Work to complete: Go through the entries below. Copy each line in which "this" appears.

Stored entries:
+ + + + +

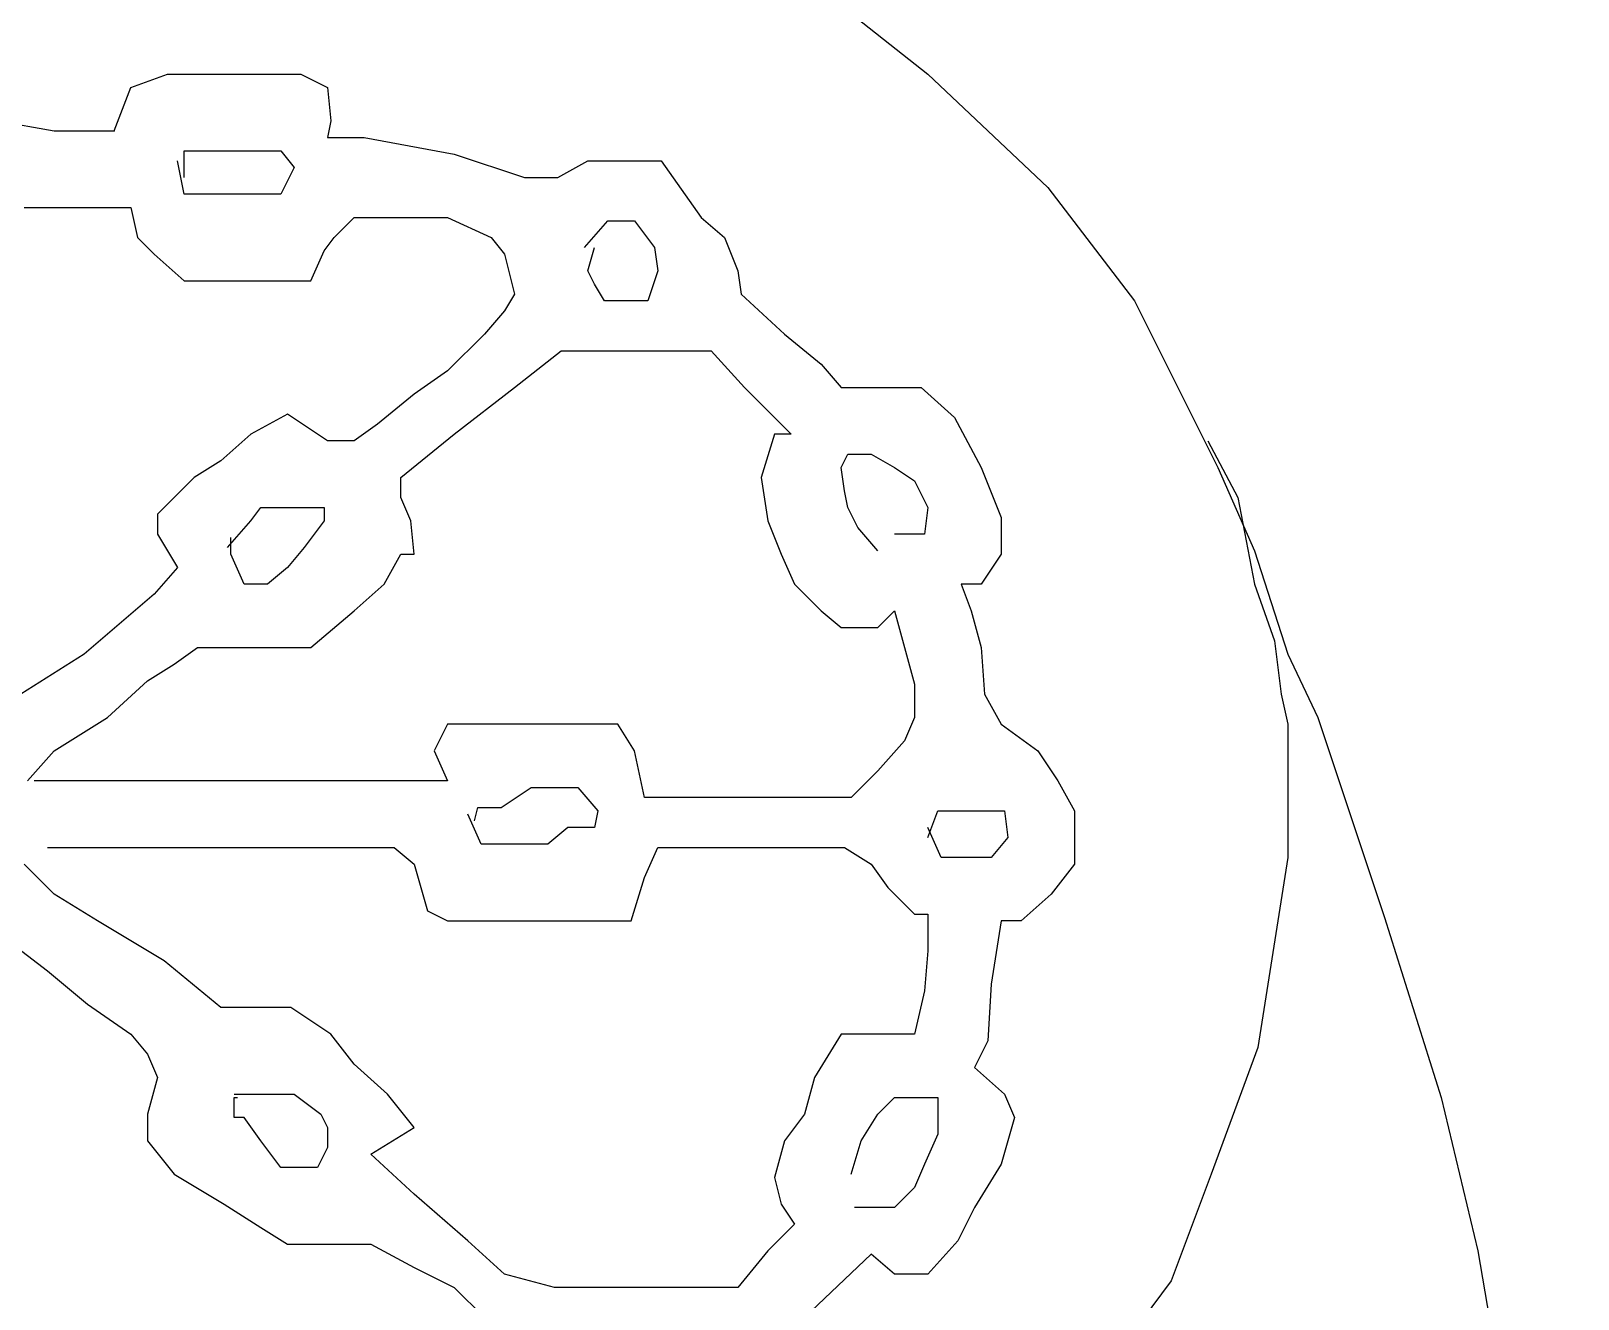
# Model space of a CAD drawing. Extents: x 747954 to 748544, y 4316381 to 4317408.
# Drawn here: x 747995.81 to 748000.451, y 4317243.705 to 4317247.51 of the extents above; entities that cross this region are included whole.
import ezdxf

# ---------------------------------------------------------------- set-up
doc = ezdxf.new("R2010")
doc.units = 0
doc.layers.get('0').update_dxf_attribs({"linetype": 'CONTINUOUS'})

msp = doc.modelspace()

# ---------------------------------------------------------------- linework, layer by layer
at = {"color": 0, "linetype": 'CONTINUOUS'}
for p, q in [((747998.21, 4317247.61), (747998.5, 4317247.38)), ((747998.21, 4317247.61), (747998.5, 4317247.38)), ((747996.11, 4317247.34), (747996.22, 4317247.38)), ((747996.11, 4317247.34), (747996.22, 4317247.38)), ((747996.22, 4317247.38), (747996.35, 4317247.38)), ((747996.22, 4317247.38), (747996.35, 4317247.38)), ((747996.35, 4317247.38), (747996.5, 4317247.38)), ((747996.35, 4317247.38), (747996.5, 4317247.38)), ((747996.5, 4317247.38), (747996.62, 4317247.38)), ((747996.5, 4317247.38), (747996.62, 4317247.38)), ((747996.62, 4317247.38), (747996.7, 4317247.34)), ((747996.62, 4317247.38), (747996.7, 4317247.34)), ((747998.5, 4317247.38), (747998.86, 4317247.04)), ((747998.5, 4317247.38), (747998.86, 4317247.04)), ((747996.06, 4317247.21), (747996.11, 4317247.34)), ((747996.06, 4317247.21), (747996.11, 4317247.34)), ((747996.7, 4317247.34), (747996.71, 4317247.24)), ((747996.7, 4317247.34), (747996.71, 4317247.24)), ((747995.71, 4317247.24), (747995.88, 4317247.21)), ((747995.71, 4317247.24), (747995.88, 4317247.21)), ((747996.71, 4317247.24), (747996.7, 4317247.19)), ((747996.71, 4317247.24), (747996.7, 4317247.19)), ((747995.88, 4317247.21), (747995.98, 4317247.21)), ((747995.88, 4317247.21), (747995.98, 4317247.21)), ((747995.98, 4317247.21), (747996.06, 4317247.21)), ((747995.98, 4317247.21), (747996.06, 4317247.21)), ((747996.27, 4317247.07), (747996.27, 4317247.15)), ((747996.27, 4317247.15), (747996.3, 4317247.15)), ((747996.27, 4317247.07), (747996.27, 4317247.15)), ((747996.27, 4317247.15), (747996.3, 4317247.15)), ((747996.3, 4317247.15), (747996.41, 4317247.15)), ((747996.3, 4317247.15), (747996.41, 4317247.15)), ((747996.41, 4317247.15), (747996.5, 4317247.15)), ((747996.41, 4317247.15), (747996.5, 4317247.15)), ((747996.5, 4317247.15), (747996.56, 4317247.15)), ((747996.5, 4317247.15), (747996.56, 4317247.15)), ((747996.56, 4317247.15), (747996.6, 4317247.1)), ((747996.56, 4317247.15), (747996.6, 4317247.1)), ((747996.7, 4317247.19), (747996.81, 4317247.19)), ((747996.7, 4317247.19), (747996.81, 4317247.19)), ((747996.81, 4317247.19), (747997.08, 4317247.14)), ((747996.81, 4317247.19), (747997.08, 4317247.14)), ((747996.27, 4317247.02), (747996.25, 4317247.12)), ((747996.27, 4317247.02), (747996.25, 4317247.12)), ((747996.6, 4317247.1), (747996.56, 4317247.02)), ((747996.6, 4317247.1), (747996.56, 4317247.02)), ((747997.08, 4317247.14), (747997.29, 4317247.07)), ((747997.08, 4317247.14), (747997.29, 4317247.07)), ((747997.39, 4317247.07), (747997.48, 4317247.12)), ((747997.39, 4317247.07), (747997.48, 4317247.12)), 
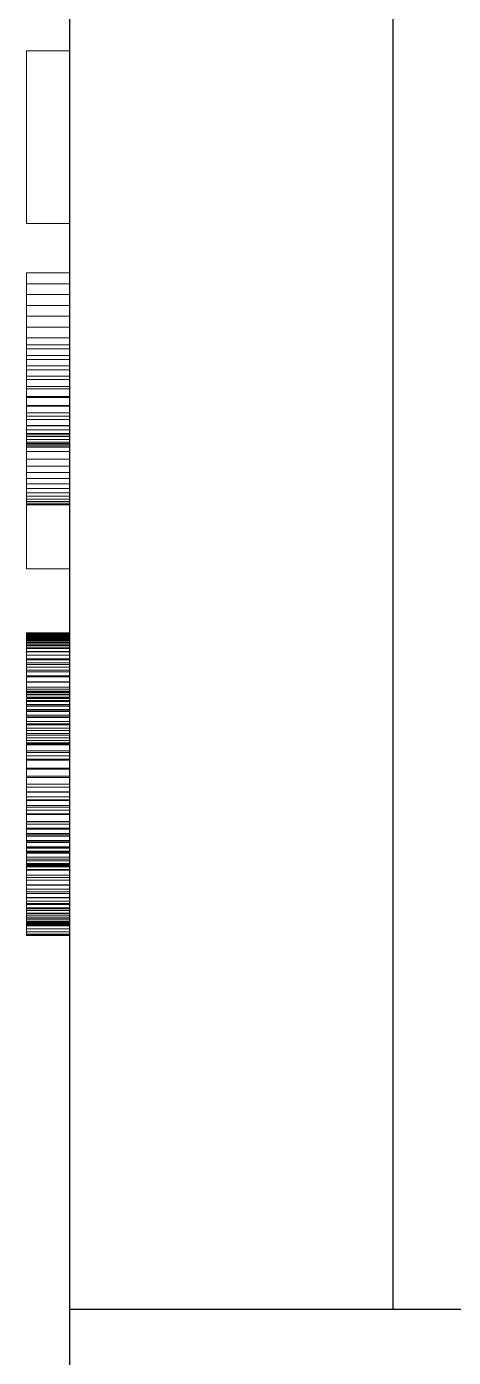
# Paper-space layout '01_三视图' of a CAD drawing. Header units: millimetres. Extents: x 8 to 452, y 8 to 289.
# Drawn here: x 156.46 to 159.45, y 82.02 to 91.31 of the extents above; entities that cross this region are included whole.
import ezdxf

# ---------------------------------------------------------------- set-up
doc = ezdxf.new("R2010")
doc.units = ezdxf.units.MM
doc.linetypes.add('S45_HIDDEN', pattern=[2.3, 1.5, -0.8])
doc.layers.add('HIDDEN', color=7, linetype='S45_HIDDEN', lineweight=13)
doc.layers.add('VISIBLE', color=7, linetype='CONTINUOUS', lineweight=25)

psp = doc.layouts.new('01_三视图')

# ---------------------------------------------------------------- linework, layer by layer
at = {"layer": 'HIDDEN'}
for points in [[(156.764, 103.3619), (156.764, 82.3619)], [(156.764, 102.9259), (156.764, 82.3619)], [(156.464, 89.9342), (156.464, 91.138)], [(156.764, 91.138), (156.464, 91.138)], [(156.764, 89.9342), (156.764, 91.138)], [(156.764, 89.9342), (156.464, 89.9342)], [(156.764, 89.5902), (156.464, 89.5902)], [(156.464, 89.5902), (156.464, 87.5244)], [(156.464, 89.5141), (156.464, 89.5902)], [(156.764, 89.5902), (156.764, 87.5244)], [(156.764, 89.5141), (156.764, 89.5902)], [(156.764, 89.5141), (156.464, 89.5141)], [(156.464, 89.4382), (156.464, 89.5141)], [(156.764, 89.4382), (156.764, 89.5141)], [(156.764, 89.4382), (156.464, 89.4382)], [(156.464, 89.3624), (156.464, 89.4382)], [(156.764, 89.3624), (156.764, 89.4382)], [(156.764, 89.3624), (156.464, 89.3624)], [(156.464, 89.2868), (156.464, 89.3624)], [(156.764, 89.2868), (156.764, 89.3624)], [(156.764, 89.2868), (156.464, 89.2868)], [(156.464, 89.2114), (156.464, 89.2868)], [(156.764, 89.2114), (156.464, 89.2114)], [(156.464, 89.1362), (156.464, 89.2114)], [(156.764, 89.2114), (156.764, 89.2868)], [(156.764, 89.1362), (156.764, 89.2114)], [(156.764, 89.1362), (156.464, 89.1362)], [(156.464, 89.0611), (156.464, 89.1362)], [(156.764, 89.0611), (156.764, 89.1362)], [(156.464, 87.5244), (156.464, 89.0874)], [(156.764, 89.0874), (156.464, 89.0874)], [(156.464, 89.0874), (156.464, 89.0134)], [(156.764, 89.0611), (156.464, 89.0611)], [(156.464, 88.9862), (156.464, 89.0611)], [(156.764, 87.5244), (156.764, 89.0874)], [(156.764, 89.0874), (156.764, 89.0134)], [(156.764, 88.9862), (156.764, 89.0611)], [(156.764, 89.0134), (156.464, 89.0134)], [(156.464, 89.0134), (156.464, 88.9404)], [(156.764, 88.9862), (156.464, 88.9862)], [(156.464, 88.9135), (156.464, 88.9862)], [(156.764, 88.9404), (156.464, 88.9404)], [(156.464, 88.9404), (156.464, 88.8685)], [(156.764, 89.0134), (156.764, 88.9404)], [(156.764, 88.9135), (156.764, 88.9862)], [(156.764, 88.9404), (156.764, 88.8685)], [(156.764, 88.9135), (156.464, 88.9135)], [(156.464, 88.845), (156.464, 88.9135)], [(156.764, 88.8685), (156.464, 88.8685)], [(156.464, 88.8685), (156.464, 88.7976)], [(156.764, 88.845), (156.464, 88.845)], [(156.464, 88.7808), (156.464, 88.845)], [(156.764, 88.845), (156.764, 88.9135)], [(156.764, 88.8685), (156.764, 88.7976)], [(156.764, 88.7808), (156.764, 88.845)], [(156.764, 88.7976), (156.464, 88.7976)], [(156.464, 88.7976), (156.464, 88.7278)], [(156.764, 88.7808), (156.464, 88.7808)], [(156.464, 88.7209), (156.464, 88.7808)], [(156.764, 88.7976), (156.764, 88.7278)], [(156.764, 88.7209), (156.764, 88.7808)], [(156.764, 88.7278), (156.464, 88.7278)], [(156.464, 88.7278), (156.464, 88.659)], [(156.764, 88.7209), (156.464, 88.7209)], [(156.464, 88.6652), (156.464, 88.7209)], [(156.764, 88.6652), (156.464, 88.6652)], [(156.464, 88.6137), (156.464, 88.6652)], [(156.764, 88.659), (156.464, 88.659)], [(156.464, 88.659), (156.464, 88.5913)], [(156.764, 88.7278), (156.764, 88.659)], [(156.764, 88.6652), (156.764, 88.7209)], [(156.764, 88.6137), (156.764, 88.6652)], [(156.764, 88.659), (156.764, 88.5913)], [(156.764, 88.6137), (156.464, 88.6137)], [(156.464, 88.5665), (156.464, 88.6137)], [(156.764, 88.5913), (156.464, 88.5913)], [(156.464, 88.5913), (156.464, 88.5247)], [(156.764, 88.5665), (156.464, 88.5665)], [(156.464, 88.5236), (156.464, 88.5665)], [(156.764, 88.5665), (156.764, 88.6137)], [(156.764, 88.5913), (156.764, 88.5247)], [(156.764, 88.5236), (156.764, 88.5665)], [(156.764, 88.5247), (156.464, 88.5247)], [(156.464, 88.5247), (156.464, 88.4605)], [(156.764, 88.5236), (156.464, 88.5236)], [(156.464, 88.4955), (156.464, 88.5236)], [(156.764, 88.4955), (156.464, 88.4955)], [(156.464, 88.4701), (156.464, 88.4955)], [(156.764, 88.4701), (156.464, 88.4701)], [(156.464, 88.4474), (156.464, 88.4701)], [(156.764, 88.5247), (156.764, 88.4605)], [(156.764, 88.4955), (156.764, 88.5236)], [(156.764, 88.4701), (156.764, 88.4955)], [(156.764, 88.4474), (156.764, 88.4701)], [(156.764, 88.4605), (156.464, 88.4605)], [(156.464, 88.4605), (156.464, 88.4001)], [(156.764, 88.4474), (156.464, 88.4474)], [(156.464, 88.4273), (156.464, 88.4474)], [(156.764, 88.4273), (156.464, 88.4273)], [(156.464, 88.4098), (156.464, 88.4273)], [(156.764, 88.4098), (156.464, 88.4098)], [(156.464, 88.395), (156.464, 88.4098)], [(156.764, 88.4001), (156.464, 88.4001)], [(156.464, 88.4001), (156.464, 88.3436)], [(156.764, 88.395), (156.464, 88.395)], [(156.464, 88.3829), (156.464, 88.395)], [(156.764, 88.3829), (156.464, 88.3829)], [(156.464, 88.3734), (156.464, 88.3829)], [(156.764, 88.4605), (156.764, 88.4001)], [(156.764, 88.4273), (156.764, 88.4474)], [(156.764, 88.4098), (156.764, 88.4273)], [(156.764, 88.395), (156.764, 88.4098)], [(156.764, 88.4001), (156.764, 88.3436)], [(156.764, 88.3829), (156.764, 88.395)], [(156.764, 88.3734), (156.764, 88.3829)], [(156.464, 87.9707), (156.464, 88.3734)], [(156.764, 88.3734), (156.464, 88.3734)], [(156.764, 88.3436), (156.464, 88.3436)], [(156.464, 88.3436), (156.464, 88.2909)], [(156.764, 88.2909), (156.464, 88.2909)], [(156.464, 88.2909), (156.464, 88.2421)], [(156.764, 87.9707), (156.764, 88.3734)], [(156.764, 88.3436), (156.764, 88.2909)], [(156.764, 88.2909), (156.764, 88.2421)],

+ + + + +

Completed task:
# Drawn here: x 747995.81 to 748000.451, y 4317243.705 to 4317247.51 of the extents above; entities that cross this region are included whole.
# Drawn here: x 156.46 to 159.45, y 82.02 to 91.31 of the extents above; entities that cross this region are included whole.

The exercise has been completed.